Black Friday is a very important day for us in Engineering. We see more traffic than any other day in the year and it’s a real test of our ability to stay reliable at scale, so we started to plan months in advance to ensure that it was a quiet night for us, and we could sit back and watch the graphs with a beer!
Now that we’re out the other-side, we’d like to share with you what we did, what we learnt and how we made sure the night was a success for us and our vendors.
The great thing about predictable big days of load is just that: they’re predictable with no surprises… in theory.
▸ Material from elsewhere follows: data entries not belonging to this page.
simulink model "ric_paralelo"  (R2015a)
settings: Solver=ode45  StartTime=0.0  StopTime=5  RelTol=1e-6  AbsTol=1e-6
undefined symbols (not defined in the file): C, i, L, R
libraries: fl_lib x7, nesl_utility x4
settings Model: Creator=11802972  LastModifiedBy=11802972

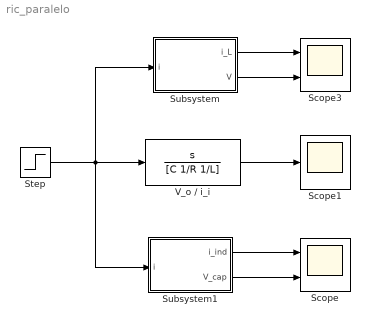
== system ric_paralelo ==
  Scope : Scope  NumInputPorts=2
      settings: YMin=-5~-5  YMax=5~5
  Scope1 : Scope
  Scope3 : Scope  NumInputPorts=2
      settings: YMin=-5~-5  YMax=5~5  SaveName=ScopeData3
  Step : Step  After=i  SampleTime=0
  Subsystem : Subsystem
  Subsystem1 : Subsystem
  V_o / i_i : TransferFcn  Numerator=[1 0]  Denominator=[C 1/R 1/L]
  wires:
  Step/1 -> Subsystem/1(i), V_o / i_i/1, Subsystem1/1(i)
  Subsystem1/1(i_ind) -> Scope/1
  Subsystem1/2(V_cap) -> Scope/2
  V_o / i_i/1 -> Scope1/1
  Subsystem/1(i_L) -> Scope3/1
  Subsystem/2(V) -> Scope3/2

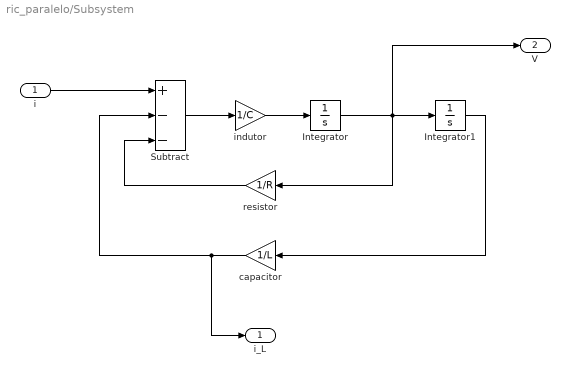
== system ric_paralelo/Subsystem ==
  i : Inport
  Integrator : Integrator
  Integrator1 : Integrator
  Subtract : Sum  Inputs=+--
  capacitor : Gain  Gain=1/L
  indutor : Gain  Gain=1/C
  resistor : Gain  Gain=1/R
  i_L : Outport
  V : Outport  Port=2
  wires:
  Subtract/1 -> indutor/1
  i/1 -> Subtract/1
  resistor/1 -> Subtract/3
  Integrator/1 -> V/1, Integrator1/1, resistor/1
  capacitor/1 -> i_L/1, Subtract/2
  Integrator1/1 -> capacitor/1
  indutor/1 -> Integrator/1

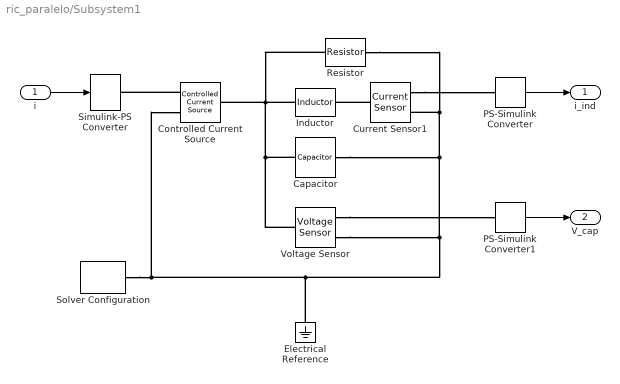
== system ric_paralelo/Subsystem1 ==
  i : Inport
  Capacitor : fl_lib/Electrical/Electrical Elements/Capacitor  c=C F  r=0 Ohm  g=0 1/Ohm  i_specify=off  i_priority=High  i=0 A  v_specify=off  v_priority=High  v=0 V  vc_specify=off  vc_priority=High  vc=0 V
  Controlled Current Source : fl_lib/Electrical/Electrical Sources/Controlled Current Source
  Current Sensor1 : fl_lib/Electrical/Electrical Sensors/Current Sensor
  Electrical Reference : fl_lib/Electrical/Electrical Elements/Electrical Reference
  Inductor : fl_lib/Electrical/Electrical Elements/Inductor  l=L H  r=0 Ohm  g=0 1/Ohm  i_specify=off  i_priority=High  i=0 A  v_specify=off  v_priority=High  v=0 V  i_L_specify=off  i_L_priority=High  i_L=0 A
  PS-Simulink Converter : nesl_utility/PS-Simulink Converter  PhysicalDomain=network_engine_domain  SubClassName=ps_output  LeftPortType=input  RightPortType=output  PseudoPeriodic=off  Frequencies=[]  Unit=1  AffineConversion=off
  PS-Simulink Converter1 : nesl_utility/PS-Simulink Converter  PhysicalDomain=network_engine_domain  SubClassName=ps_output  LeftPortType=input  RightPortType=output  PseudoPeriodic=off  Frequencies=[]  Unit=1  AffineConversion=off
  Resistor : fl_lib/Electrical/Electrical Elements/Resistor  R=R Ohm  i_specify=off  i_priority=High  i=0 A  v_specify=off  v_priority=High  v=0 V
  Simulink-PS Converter : nesl_utility/Simulink-PS Converter  PhysicalDomain=network_engine_domain  SubClassName=ps_input  LeftPortType=input  RightPortType=output  PseudoPeriodic=off  Frequencies=[]  NoiseDistribution=none  NoiseParameters=[]  Unit=1  AffineConversion=off  InputFiltering=off  SimscapeFilterOrder=1  InputFilterTimeConstant=0.001  UdotUserProvided=1
  Solver Configuration : nesl_utility/Solver Configuration  PhysicalDomain=network_engine_domain  SubClassName=solver  LeftPortType=input  RightPortType=generic  Accelerate=off  Tones=[]  Harmonics=[]  SimulateNoise=off  Profile=off  UseLocalSampling=off  EnableSwitchedLinearOptims=on  FrequencyDomain=off  UseCCode=off  RelTol=0.001  AbsTol=1e-06  MinStep=1e-09  ToWorkspace=off  RevertToSquareIcSolve=off  NumHomotopyIterations=100  DoDC=off  ResidualTolerance=1e-06  UseLocalSolver=off  LocalSolverChoice=NE_BACKWARD_EULER_ADVANCER  LocalSolverSampleTime=0.001  DoFixedCost=off  MaxNonlinIter=3  MaxModeIter=2  LinearAlgebra=Sparse  DelaysMemoryBudget=1024  AutomaticFiltering=on  FilteringTimeConstant=0.001
  Voltage Sensor : fl_lib/Electrical/Electrical Sensors/Voltage Sensor
  i_ind : Outport
  V_cap : Outport  Port=2
  wires:
  PS-Simulink Converter/1 -> i_ind/1
  i/1 -> Simulink-PS Converter/1
  PS-Simulink Converter1/1 -> V_cap/1
  connections:
  Controlled Current Source/RConn1 -- Simulink-PS Converter/RConn1
  Resistor/LConn1 -- Voltage Sensor/LConn1 -- Capacitor/LConn1 -- Inductor/LConn1 -- Controlled Current Source/LConn1
  Resistor/RConn1 -- Electrical Reference/LConn1 -- Solver Configuration/RConn1 -- Controlled Current Source/RConn2 -- Voltage Sensor/RConn2 -- Capacitor/RConn1 -- Current Sensor1/RConn2
  Current Sensor1/LConn1 -- Inductor/RConn1
  Current Sensor1/RConn1 -- PS-Simulink Converter/LConn1
  Voltage Sensor/RConn1 -- PS-Simulink Converter1/LConn1

We knew that our platform could comfortably deal with the load it had been under in the past but Black Friday would be our highest volume day by far, so we wanted to make sure the platform had been under such load in controlled conditions before the big night.
To do this, we used a combination of JMeter and Locust.io to create realistic fake load against the checkout and our order processing systems, so we could stress them upto and beyond the levels we’d expect to see.
We already had NewRelic and Cloudwatch in place to tell us if we saw any slowdown, so once we had the tests set up we ramped up the load against our production-like test environment and watched closely…
After some scaling of our infrastructure in AWS, we could see that the core Checkout and Order Processing parts of the platform performed well under load beyond what we’d expect on Black Friday, so we looked for any opportunities to optimise further.
Although the platform coped well under extreme load, we saw that there were some reasonably simple changes we could make to increase our order and license processing throughput.
When we’re at our most busy it’s vital that we continue to deliver a great experience to our vendors and their customers, so we focused on reducing the time taken for our Workers to go through their queue of things to process.
By doing this we were able to re-run the same test again, and see that we’d dramatically improved our ability to process orders from the queue, so we were confident that we’d have a calm and peaceful evening.
Our Engineers at Paddle are passionate that they should support the code that they write, so with only a small amount of convincing via free pizza everyone agreed that they’d stay around on Friday night to watch the platform, and address any unexpected issues.
Due to all the hard work that we put in during the preceding weeks we were able to sit together and watch our platform process huge amounts of load without breaking a sweat, delivering a very successful night for our vendors. A great achievement!
By eliminating all the predictable problems when it comes to high traffic situations, we were able to confidently go into our busiest weekend ever, and now know in detail where our Platform flies and where there is room for improvement. Bring on next year…